Tim C: I'd also go with Neal and Blair being some of the best trade assets, but they make so little that they would need to be paired with someone else in order to get back a good piece. Jackson's a $10M expiring contract, which will likely be a valuable asset in the trade hunt.
SfS: I'm going to come up with a few in the next couple days. If we want to get in the lottery, it would probably have to involve moving Tony Parker (or MAYBE Just Stephen Jackson's expiring contract). If we want to get a pick just outside the lottery, it would likely involve any combination of Blair, Splitter, or Neal.
10. Who is coming over from Europe and what impact will they have?
SfS: I'll leave this question to PtR's resident Euro expert, TimC. I've heard Nando is coming over, but I've never watched him play. It seemed certain Lorbek was coming over, too- but as far as impact I've got no idea.
Big50: I've heard both Lorbek and Nando, but I haven't heard anything for sure. I'm pretty skeptical of the impact of these guys at this point. Good role players is all I'm hoping for these days.

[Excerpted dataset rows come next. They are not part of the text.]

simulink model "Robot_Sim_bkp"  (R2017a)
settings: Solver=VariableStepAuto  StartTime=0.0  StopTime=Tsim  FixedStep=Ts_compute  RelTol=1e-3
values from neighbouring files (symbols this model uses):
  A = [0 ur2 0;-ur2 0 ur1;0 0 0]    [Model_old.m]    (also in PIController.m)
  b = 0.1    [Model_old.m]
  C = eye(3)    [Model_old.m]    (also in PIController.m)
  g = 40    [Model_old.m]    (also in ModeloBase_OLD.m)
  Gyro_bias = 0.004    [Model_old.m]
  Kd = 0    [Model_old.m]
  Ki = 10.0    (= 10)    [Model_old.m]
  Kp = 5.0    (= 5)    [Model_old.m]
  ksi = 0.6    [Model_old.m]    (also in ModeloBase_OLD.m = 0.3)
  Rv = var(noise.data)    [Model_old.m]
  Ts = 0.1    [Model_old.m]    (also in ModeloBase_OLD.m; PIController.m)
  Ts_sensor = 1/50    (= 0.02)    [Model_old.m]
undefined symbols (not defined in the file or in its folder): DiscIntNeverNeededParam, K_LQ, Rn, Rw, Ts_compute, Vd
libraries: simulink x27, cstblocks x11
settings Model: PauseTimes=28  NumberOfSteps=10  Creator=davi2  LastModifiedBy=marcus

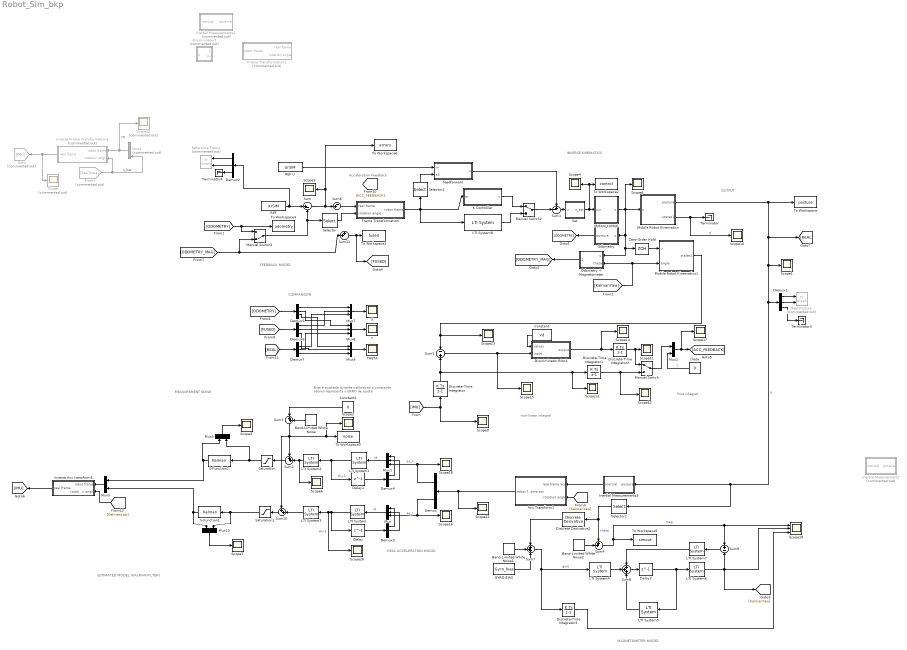
== system Robot_Sim_bkp ==
  note: COMPARISON
  note: Bias é ajustada durante calibracao
      | a constante abaixo representa o ERRO de ajuste
  note: Pure integral
  note: Acceleration Feedback
  note: OUTPUT
  note: MEASUREMENT NOISE
  note: REAL ACCELERATION
      | MODEL
  note: INVERSE KINEMATICS
  note: MAGNETOMETER MODEL
  note: FEEDBACK MODEL
  note: ESTIMATED MODEL (KALMAN FILTER)
  note: non-linear integral
  Acc Transform1 : Subsystem
  Band-Limited White Noise : simulink/Sources/Band-Limited White Noise  Cov=0.0001  Ts=Ts_sensor  seed=[23341]
  Band-Limited White Noise1 : simulink/Sources/Band-Limited White Noise  Cov=0.00001  Ts=Ts_sensor  seed=[23341]
  Band-Limited White Noise2 : simulink/Sources/Band-Limited White Noise  Cov=Rn^2  Ts=Ts_sensor  seed=[23341]
  Constant : Constant  Value=Vd
  Constant2 : Constant  Value=0
  Delay : Delay  DelayLength=1
  Delay1 : Delay  DelayLength=1
  Delay2 : Delay  DelayLength=1
  Demux : Demux  Outputs=2
  Demux{1..7} (7 alike) : Demux  Outputs=3
  Discrete Derivative2 : simulink/Discrete/Discrete Derivative  gainval=1.0  ICPrevScaledInput=0.0  OutMin=[]  OutMax=[]  OutDataType=fixdt(1, 16)  OutScaling=2^-10  DoSatur=off
  Discrete-Time Integrator : DiscreteIntegrator  InitialConditionSetting=State (most efficient)  SampleTime=-1  ICPrevOutput=DiscIntNeverNeededParam  ICPrevScaledInput=DiscIntNeverNeededParam
  Discrete-Time Integrator1 : DiscreteIntegrator  InitialConditionSetting=State (most efficient)  SampleTime=Ts_sensor  ICPrevOutput=DiscIntNeverNeededParam  ICPrevScaledInput=DiscIntNeverNeededParam
  Discrete-Time Integrator2 : DiscreteIntegrator  InitialConditionSetting=State (most efficient)  SampleTime=Ts_sensor  ICPrevOutput=DiscIntNeverNeededParam  ICPrevScaledInput=DiscIntNeverNeededParam
  Discrete-Time Integrator3 : DiscreteIntegrator  InitialConditionSetting=State (most efficient)  SampleTime=-1  ICPrevOutput=DiscIntNeverNeededParam  ICPrevScaledInput=DiscIntNeverNeededParam
  Discriminator Block : Subsystem
  Frame Transformation : Subsystem
  Frame Transformation1 : Subsystem  Commented=on
  From5 : From  Commented=on  GotoTag=RealTheta
  GYRO BIAS : Constant  Value=Gyro_bias
  Goto : Goto  Commented=on  GotoTag=IMU
  Inertial Measurements : Subsystem  Commented=on
  Inertial Measurements1 : Subsystem  Commented=on
  Inertial Measurements3 : Subsystem
  Inverse Acc transform1 : Subsystem
  Inverse Frame Transformation1 : Subsystem  Commented=on
  K Controller : Subsystem
  LTI System : cstblocks/LTI System  sys=A  IC=[]
  LTI System1 : cstblocks/LTI System  sys=A  IC=[]
  LTI System2 : cstblocks/LTI System  sys=C  IC=[]
  LTI System3 : cstblocks/LTI System  sys=C  IC=[]
  LTI System4 : cstblocks/LTI System  sys=Bs  IC=[]
  LTI System5 : cstblocks/LTI System  sys=As  IC=[]
  LTI System6 : cstblocks/LTI System  sys=Cs  IC=[]
  LTI System7 : cstblocks/LTI System  sys=K_KALM  IC=[]
  LTI System8 : cstblocks/LTI System  sys=-K_LQ  IC=[]
  Manual Switch : ManualSwitch
  Manual Switch1 : ManualSwitch  CurrentSetting=0
  Manual Switch2 : ManualSwitch
  Mobile Robot Kinematics : Subsystem
  Mobile Robot Kinematics1 : Subsystem
  Motors control : Subsystem
  Mux{,1,7..9} (5 alike) : Mux  Inputs=3
  Mux{2..3,5,10} (4 alike) : Mux  Inputs=2
  Mux4 : Mux  Commented=on  Inputs=3
  Odometry : Subsystem
  Odometry + Magnetometer : Subsystem
  REF : FromWorkspace  VariableName=XrSIM  SampleTime=Ts  OutputAfterFinalValue=Holding final value
  REF U : FromWorkspace  VariableName=UrSIM  SampleTime=Ts  OutputAfterFinalValue=Holding final value
  Real Posture : simulink/Sinks/XY Graph  Commented=on  xmin=0  xmax=3  ymin=-0.8  ymax=1.5  st=Ts
  Reference Frame : simulink/Sinks/XY Graph  Commented=on  xmin=0  xmax=2  ymin=0  ymax=1.5  st=Ts
  S-Function1 : S-Function  FunctionName=Kalman  Parameters=Ts_sensor,A,C,Rw,Rv  SFunctionDeploymentMode=off  EnableBusSupport=off  mask{Ts=Ts_sensor, A=A, C=C, Rv=Rv, Rw=Rw}
      mask prompts: Ts "Tempo de Amostragem"; A "Matriz A"; C "Matriz C"; Rv "Covariancia da Saida"; Rw "Covariancia do Processo"
      mask DialogControl DescTextVar Tooltip: Filtro
      mask Display: disp('MyKalman')
  S-Function2 : S-Function  FunctionName=Kalman  Parameters=Ts_sensor,A,C,Rw,Rv  SFunctionDeploymentMode=off  EnableBusSupport=off  mask{Ts=Ts_sensor, A=A, C=C, Rv=Rv, Rw=Rw}
      mask prompts: Ts "Tempo de Amostragem"; A "Matriz A"; C "Matriz C"; Rv "Covariancia da Saida"; Rw "Covariancia do Processo"
      mask DialogControl DescTextVar Tooltip: Filtro
      mask Display: disp('MyKalman')
  Sat : Subsystem
  Saturation : Saturate  UpperLimit=4*9.8  LowerLimit=-4*9.8
  Saturation1 : Saturate  UpperLimit=4*9.8  LowerLimit=-4*9.8
  Scope : Scope  Commented=on
  Scope{1..18,22..23,26} (21 alike) : Scope
  Scope19 : Scope  NumInputPorts=3
  Scope21 : Scope  Commented=on
  Selector : Selector  InputPortWidth=3  IndexOptions=Index vector (dialog)  Indices=3  OutputSizes=1
  Selector1 : Selector  InputPortWidth=3  IndexOptions=Index vector (dialog)  Indices=3  OutputSizes=1
  Selector2 : Selector  InputPortWidth=3  IndexOptions=Index vector (dialog)  Indices=3  OutputSizes=1
  Sum : Sum  Inputs=|+-
  Sum1 : Sum  Inputs=+-|
  Sum{2,4,10..11} (4 alike) : Sum  Inputs=++|
  Sum3 : Sum  Inputs=|++
  Sum5 : Sum  Inputs=-+
  Sum6 : Sum  Inputs=-+|
  Sum7 : Sum  Inputs=+++
  Sum8 : Sum  Inputs=+++
  Sum9 : Sum  Inputs=+-
  THETA : Scope
  Terminator : Terminator
  Terminator3 : Terminator
  Terminator4 : Terminator
  To Workspace : ToWorkspace  VariableName=posture  SaveFormat=Timeseries  SampleTime=-1
  To Workspace1 : ToWorkspace  VariableName=fused  SaveFormat=Timeseries  SampleTime=-1
  To Workspace2 : ToWorkspace  VariableName=control  SaveFormat=Timeseries  SampleTime=-1
  To Workspace3 : ToWorkspace  VariableName=noise  SaveFormat=Timeseries  SampleTime=-1
  To Workspace4 : ToWorkspace  VariableName=odometry  SaveFormat=Timeseries  SampleTime=-1
  To Workspace5 : ToWorkspace  VariableName=simout  SaveFormat=Timeseries  SampleTime=-1
  To Workspace6 : ToWorkspace  VariableName=errors  SaveFormat=Timeseries  SampleTime=-1
  X : Scope
  Y : Scope
  Zero-Order Hold : ZeroOrderHold  SampleTime=-1
  discriminator5 : Subsystem  Commented=on
  feedforward : Subsystem
  theta : Constant  Value=0
  wires:
  Frame Transformation/1(robot frame) -> LTI System8/1, K Controller/1(er), Selector1/1
  REF U/1 -> feedforward/1(ur)
  Selector1/1 -> feedforward/2(e3)
  Motors control/1(u) -> Odometry + Magnetometer/1(u), Zero-Order Hold/1, Odometry/1(u), Mobile Robot Kinematics/1(u), Scope8/1
  Selector2/1 -> Sum4/1, Discrete Derivative2/1  "theta"
  Demux1/1 -> Real Posture/1
  Demux1/2 -> Real Posture/2
  REF/1 -> Demux2/1, Sum/1
  Odometry/1(posture) -> [ODOMETRY]
  Sum1/1 -> Sat/1(u)
  Sat/1(u_sat) -> Motors control/1(uin), Scope4/1, To Workspace2/1
  Demux1/3 -> Terminator3/1
  Band-Limited White Noise2/1 -> Sum4/2
  Demux2/1 -> Reference Frame/1
  Demux2/2 -> Reference Frame/2
  Demux2/3 -> Terminator4/1
  LTI System/1 -> Scope26/1, LTI System3/1, Delay/1  "xk+1"
  Delay/1 -> Demux3/1
  Demux3/1 -> Mux/1
  Demux3/2 -> Mux/2
  Mux/1 -> LTI System/1  "xk"
  Demux4/2 -> Mux1/2
  Delay1/1 -> Demux4/1
  Demux4/1 -> Mux1/1
  LTI System1/1 -> Delay1/1, LTI System2/1  "xk+1"
  Mux1/1 -> LTI System1/1  "xk"
  Inverse Frame Transformation1/1(real frame) -> Goto/1, Scope/1
  From5/1 -> Mux4/3, Inverse Frame Transformation1/2(rotation angle)  "t_hat"
  LTI System3/1 -> Sum10/2
  Mux4/1 -> Scope21/1, Inverse Frame Transformation1/1(robot frame)  "im"
  Mobile Robot Kinematics/1(posture) -> [REAL], Selector2/1, Inertial Measurements3/1(posture), Demux1/1, Scope1/1, To Workspace/1  "P"
  Demux/1 -> Mux1/3, Scope18/1  "ax_r"
  Demux/2 -> Scope16/1, Mux/3  "ay_r"
  Inertial Measurements3/1(inercial) -> Acc Transform1/1(real frame acc)
  Acc Transform1/1(robot frame acc) -> Scope22/1, Demux/1
  Sum6/1 -> Frame Transformation/1(real frame)
  theta/1 -> Mux2/2  "t"
  Mux2/1 -> Scope17/1, [ACC_FEEDBACK]
  LTI System2/1 -> Scope6/1, Sum2/2
  Sum11/1 -> [FUSED], To Workspace1/1
  Mux5/1 -> Scope5/1
  Discrete-Time Integrator2/1 -> Scope11/1, Manual Switch/1
  Discrete-Time Integrator1/1 -> Manual Switch/2, Scope12/1
  Manual Switch/1 -> Mux2/1
  Discriminator Block/1(output) -> Discrete-Time Integrator2/1, Scope14/1
  Selector/1 -> Frame Transformation/2(rotation angle)
  [KalmanYaw] -> Acc Transform1/2(rotation angle)
  Odometry + Magnetometer/1(posture) -> [ODOMETRY_MAG]
  [KalmanYaw] -> Odometry + Magnetometer/2(theta), Mobile Robot Kinematics1/2(angle)
  [ODOMETRY] -> Manual Switch1/1, To Workspace4/1
  [ODOMETRY_MAG] -> Sum11/2, Manual Switch1/2
  Manual Switch1/1 -> Selector/1, Sum/2
  [ODOMETRY] -> Demux5/1
  [FUSED] -> Demux6/1
  [REAL] -> Demux7/1
  Demux5/1 -> Mux7/1
  Demux6/1 -> Mux7/2
  Demux7/1 -> Mux7/3
  Mux7/1 -> X/1
  Demux5/2 -> Mux8/1
  Demux6/2 -> Mux8/2
  Demux7/2 -> Mux8/3
  Demux5/3 -> Mux9/1
  Demux6/3 -> Mux9/2
  Demux7/3 -> Mux9/3
  Mux8/1 -> Y/1
  Mux9/1 -> THETA/1
  Mobile Robot Kinematics/2(states1) -> Scope10/1, Terminator/1  "p'"
  Mux3/1 -> Inverse Acc transform1/1(robot frame)
  [KalmanYaw] -> Inverse Acc transform1/2(rotation angle)
  Inverse Acc transform1/1(real frame) -> [IMU]
  Constant/1 -> Discriminator Block/1(values)
  Sum3/1 -> Sum10/1, Sum2/1, Scope2/1, To Workspace3/1
  Band-Limited White Noise/1 -> Sum3/2
  Constant2/1 -> Sum3/1
  Sum10/1 -> Saturation1/1
  Sum2/1 -> Saturation/1
  Saturation1/1 -> S-Function1/1, Mux10/2
  Saturation/1 -> S-Function2/1, Mux5/2
  Mux10/1 -> Scope7/1
  Zero-Order Hold/1 -> Mobile Robot Kinematics1/1(u)
  [IMU] -> Discrete-Time Integrator/1, Scope9/1
  Sum5/1 -> Scope15/1, Discriminator Block/2(input)
  Discrete-Time Integrator/1 -> Scope13/1, Discrete-Time Integrator1/1, Sum5/2
  S-Function1/1 -> Mux3/2, Mux10/1
  Mobile Robot Kinematics1/1(states1) -> Scope23/1, Sum5/1
  S-Function2/1 -> Mux3/1, Mux5/1
  Band-Limited White Noise1/1 -> Sum7/2
  Discrete Derivative2/1 -> Sum7/1
  GYRO BIAS/1 -> Sum7/3
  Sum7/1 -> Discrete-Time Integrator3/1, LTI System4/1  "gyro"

Tim C: I think Lorbek and De Colo will be with the Spurs next season. Unfortunately, I think Diaw and Green will get offers that the Spurs are either unwilling or unable to match, so they'll need replacements. I also think they might be well-served to take a chance on Adam Hanga, who is an athletic freak. Or Viktor Sanikidze. Or they could go outside of the players they hold rights to and get someone like Bo McCalebb (amazing point guard). The Spurs scout the international players better than anyone, so they'll know what to do.
11. What do the Spurs do in the draft, if anything?
SfS: You know, the usual. Find a steal with their second round pick, or move some role players and find a steal with whatever they get in return. If they do nothing else, the second round pick will be a decent prospect.
Big50: Hopefully find the next Manu, but realistically get a project guy and try to get him some good coaching in Austin or overseas. Super exciting, no? I wouldn't mind seeing another trade to get an explosive player, but I'm not sure who they could/would move. Neal or Blair seem like the most logical options.
Tim C: Barring a trade, here's Adam Silver: "With the 59th pick in the 2012 NBA draft, the San Antonio Spurs select [insert EuroStash player you've never heard of here]."
CapHill: Call me nuts, but I actually anticipate another draft day trade. The Spurs have some really decent role players that are cheap (Blair and Neal) that could be flipped to get back into the first round. This year's draft class may not be as top-heavy fabulous as everyone was predicting last year, but there is depth and solid players to be had outside the lottery picks.